Meta-analyses indicate that coordinated, multidisciplinary services offered early in psychotic disorders can alleviate symptoms and restore functioning more effectively than standard community treatment in which patients may receive few psychosocial supports and care is divided across providers and systems (Correll et al., 2018). In the United States, the Recovery After Initial Schizophrenia Episode (RAISE) research initiative established that coordinated specialty care for FEP could be feasibly implemented and achieve favorable outcomes relative to treatment as usual with respect to clinical symptom severity, quality of life, and school and work participation (Kane et al., 2016).

A wealth of literature shows that family involvement in psychosis treatment leads to better patient outcomes.
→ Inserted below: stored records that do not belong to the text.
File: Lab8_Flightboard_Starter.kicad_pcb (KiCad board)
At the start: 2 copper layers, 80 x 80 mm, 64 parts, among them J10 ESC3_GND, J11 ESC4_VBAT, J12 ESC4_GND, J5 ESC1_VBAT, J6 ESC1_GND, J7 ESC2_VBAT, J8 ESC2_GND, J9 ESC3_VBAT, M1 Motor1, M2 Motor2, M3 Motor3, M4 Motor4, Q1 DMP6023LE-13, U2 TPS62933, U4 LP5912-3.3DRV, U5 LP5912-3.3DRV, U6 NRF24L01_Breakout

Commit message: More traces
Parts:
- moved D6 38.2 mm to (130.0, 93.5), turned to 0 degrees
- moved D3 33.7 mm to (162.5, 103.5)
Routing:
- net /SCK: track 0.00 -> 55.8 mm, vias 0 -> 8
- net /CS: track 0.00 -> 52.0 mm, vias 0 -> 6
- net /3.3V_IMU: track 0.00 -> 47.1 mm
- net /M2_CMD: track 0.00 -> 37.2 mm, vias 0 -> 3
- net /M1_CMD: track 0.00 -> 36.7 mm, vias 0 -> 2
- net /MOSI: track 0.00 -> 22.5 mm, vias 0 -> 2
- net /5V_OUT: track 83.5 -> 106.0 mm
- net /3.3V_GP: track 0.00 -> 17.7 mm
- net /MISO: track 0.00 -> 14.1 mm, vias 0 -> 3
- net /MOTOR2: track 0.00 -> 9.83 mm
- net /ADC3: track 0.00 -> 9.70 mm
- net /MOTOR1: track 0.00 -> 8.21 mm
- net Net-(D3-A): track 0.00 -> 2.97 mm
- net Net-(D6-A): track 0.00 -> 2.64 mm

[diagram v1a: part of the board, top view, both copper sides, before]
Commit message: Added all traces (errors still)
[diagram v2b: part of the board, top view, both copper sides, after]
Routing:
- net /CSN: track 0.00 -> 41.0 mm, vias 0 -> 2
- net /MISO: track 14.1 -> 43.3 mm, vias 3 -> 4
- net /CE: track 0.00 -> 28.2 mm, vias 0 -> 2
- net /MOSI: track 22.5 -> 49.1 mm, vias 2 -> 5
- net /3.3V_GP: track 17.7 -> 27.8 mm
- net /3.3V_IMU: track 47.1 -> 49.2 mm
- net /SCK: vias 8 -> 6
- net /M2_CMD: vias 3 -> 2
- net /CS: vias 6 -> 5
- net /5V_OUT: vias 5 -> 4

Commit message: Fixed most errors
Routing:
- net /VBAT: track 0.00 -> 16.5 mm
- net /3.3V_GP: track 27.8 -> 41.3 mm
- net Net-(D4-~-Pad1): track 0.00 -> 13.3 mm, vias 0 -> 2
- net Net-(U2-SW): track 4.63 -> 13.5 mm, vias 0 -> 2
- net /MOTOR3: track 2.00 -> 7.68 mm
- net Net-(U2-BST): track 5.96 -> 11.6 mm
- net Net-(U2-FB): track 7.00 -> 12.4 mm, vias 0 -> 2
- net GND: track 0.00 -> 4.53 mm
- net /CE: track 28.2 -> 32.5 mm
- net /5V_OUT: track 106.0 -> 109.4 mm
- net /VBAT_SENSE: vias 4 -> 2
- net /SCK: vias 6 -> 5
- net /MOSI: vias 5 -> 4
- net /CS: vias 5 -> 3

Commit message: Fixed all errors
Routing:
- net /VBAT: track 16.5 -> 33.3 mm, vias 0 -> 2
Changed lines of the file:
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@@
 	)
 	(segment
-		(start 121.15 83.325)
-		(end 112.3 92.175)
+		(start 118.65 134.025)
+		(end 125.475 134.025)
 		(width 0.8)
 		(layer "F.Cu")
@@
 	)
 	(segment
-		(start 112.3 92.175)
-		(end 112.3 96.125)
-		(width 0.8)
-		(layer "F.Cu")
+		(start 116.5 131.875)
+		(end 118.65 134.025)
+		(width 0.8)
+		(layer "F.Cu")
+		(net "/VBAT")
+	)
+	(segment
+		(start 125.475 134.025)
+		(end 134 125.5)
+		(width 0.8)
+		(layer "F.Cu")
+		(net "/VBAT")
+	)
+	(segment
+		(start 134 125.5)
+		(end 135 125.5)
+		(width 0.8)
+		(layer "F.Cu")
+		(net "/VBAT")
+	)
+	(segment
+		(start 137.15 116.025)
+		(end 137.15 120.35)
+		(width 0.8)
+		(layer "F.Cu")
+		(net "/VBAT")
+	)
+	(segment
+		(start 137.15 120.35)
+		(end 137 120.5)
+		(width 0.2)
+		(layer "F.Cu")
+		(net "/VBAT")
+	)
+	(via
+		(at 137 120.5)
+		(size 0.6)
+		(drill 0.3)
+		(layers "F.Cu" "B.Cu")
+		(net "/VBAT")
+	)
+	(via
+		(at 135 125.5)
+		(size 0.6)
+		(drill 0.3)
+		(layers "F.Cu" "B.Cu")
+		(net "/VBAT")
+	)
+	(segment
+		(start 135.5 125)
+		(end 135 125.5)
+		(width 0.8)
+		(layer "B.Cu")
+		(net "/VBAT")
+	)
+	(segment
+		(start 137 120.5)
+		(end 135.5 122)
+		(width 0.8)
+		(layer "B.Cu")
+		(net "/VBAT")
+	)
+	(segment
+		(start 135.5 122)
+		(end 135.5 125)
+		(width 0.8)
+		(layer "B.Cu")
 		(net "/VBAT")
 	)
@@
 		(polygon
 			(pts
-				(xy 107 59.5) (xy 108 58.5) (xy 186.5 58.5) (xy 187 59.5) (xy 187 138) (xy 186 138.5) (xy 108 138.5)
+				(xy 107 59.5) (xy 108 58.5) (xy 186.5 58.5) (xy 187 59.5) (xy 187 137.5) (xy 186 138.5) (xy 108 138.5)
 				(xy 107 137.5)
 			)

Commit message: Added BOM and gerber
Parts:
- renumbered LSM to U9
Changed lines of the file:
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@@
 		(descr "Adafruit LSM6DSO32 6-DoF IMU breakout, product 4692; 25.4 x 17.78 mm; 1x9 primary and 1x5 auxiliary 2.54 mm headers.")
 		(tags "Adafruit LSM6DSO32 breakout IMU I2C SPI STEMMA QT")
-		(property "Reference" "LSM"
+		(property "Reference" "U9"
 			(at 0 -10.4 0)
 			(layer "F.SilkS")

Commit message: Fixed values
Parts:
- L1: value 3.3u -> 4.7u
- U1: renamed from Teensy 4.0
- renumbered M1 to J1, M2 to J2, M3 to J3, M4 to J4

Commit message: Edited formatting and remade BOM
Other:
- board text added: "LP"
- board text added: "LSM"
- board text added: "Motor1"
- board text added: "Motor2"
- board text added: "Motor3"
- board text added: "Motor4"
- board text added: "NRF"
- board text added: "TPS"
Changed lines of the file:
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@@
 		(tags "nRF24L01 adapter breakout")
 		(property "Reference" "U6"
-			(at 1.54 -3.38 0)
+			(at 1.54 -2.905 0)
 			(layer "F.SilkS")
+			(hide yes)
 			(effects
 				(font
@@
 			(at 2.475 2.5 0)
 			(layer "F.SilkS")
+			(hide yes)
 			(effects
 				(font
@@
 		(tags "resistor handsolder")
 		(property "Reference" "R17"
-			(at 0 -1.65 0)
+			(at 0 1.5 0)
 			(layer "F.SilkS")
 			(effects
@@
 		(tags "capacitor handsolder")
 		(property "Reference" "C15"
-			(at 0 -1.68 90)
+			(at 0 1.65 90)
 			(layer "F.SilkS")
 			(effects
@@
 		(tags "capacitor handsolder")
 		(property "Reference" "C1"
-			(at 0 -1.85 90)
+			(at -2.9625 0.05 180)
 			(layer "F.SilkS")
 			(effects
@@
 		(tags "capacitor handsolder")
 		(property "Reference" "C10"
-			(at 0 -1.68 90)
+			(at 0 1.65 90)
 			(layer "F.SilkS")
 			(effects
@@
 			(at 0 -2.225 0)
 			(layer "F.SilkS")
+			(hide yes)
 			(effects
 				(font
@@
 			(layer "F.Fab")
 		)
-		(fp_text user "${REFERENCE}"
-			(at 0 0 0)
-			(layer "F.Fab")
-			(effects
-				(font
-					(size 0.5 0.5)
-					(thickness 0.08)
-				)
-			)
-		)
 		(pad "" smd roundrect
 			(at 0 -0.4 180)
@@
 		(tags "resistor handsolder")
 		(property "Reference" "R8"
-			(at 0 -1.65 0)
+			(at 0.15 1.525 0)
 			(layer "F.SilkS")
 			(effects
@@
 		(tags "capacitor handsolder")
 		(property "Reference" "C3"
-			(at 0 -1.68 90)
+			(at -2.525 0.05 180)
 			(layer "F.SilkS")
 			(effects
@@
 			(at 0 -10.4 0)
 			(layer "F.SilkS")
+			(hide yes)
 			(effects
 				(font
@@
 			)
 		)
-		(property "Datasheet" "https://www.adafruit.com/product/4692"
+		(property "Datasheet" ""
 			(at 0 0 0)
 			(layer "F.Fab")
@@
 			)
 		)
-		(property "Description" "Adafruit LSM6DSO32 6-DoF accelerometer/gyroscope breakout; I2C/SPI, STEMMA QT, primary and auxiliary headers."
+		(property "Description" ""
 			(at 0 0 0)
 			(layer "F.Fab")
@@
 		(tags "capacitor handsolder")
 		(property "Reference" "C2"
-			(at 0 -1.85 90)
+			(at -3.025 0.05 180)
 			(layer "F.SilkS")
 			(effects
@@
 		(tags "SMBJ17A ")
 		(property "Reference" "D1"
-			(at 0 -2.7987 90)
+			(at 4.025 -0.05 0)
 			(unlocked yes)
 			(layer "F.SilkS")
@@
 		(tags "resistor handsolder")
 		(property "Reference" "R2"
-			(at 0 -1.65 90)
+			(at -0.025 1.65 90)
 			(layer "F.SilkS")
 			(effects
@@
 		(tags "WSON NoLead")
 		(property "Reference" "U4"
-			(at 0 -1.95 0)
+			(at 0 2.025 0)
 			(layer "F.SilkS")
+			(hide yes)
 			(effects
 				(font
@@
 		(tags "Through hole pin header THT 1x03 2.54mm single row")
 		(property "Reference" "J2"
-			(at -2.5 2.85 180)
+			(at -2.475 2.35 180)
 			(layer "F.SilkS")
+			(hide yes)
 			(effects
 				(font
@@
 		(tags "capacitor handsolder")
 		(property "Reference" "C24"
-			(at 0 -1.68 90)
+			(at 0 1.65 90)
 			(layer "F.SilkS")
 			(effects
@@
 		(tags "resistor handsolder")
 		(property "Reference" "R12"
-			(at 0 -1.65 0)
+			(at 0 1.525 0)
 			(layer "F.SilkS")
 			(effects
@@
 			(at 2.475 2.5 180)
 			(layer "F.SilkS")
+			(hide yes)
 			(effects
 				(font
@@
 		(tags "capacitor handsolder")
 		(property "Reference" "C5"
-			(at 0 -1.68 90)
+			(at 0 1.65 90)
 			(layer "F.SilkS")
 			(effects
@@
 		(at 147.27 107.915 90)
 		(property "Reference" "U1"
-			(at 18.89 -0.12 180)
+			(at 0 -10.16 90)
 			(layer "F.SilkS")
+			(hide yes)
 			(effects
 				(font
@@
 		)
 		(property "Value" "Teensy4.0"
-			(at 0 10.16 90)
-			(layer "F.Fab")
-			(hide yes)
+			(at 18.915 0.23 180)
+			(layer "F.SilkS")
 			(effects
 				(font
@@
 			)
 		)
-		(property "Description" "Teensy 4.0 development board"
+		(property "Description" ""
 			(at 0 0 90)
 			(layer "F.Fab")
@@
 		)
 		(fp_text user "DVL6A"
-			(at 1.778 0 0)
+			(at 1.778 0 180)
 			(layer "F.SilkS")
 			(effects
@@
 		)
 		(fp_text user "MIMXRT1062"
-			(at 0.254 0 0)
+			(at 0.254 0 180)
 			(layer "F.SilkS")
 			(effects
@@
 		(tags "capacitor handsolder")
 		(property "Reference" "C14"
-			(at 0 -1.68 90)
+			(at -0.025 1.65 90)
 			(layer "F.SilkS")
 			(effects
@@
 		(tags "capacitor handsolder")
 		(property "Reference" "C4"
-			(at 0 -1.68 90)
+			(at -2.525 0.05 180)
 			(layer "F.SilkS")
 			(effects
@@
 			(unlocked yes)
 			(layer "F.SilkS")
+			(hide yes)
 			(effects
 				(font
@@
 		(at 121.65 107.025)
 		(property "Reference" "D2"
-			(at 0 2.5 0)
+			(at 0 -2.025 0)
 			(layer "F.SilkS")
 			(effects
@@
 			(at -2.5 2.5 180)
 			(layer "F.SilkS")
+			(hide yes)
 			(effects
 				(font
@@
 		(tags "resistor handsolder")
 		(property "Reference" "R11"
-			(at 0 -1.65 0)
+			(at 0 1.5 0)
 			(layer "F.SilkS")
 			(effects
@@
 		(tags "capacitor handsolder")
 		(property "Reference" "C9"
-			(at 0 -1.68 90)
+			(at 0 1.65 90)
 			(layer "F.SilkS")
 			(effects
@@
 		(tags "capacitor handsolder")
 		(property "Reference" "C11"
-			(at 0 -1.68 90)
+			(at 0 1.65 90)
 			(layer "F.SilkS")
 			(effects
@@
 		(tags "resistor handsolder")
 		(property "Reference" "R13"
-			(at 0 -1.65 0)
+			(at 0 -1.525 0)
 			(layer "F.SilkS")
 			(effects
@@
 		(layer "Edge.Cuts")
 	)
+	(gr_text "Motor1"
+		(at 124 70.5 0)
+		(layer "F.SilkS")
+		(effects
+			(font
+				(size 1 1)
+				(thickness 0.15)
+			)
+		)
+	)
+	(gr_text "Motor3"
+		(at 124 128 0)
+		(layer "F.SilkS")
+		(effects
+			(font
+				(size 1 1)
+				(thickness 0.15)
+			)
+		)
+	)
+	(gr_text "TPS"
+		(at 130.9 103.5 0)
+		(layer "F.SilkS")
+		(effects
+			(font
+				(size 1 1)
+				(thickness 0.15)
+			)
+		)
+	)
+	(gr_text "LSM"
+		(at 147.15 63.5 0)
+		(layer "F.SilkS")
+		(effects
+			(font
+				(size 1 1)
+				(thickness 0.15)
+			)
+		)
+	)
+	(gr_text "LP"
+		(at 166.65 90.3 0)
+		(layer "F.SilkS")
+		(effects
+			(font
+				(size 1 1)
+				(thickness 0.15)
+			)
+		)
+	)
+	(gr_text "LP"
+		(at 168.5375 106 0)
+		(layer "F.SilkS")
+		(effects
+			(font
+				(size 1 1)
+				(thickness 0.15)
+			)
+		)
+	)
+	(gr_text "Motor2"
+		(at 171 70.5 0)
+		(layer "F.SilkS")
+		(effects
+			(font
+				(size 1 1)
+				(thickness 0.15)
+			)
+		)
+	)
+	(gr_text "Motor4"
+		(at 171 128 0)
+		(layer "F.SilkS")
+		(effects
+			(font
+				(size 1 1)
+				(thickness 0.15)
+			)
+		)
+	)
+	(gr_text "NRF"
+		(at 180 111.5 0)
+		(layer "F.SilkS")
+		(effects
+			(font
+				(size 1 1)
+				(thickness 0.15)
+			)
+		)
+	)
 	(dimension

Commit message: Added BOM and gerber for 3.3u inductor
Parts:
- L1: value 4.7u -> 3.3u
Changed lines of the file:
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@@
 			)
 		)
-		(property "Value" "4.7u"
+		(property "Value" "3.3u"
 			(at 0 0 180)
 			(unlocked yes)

These effects are likely due to two mechanisms. First, families who understand the nature of psychosis symptoms and interventions can support treatment adherence by providing instrumental support for tasks such as scheduling and driving to appointments, filling prescriptions, and communicating with providers about concerning symptoms or behaviors (Lucksted et al., 2018; Lavis et al., 2015; Cairns et al., 2015; McCann et al., 2011; Caqueo-Urízar et al., 2009). Second, negative expressed emotion (EE) – defined as caregivers’ critical and overinvolved attitudes toward the individual with psychosis – represents a powerful prognostic factor for patients with a wide range of psychiatric diagnoses (Brown et al., 1972; Butzlaff and Hooley, 1998; Peris and Miklowitz, 2015; Kline, 2020). Patients whose families exhibit high negative EE are more likely to require multiple hospitalizations and have an overall more adverse treatment course than patients with low-EE family environments (Peris and Miklowitz, 2015). Interventions that involve and counsel family members may improve patient outcomes by lowering family EE, thereby creating a less stressful and more supportive home environment.

Several family interventions have been found to be effective in improving caregiver distress and/or psychotic disorder outcomes, including multifamily psychoeducation groups (McFarlane et al., 1995), peer-led family-to-family courses (Dixon et al., 2011; Mercado et al., 2016), and the Navigate treatment model used in the RAISE study (Mueser et al., 2015), which includes a family education manual. Each approach has strengths and limitations. Both Navigate treatment and multifamily psychoeducation groups generally require a priori participation of the individual with psychosis, which is a significant barrier for families of individuals who are reluctant to engage with care. Additionally, within the RAISE Navigate trial, less than half of patients assigned to Navigate received any family support (Kane et al., 2016), suggesting problems with acceptability and/or implementation relative to the other Navigate treatment components (medication management, psychotherapy, and vocational support), which achieved better penetration of the sample. None of these interventions has been trialed via telehealth, and none specifically tested the impact of interventions on EE or treatment adherence.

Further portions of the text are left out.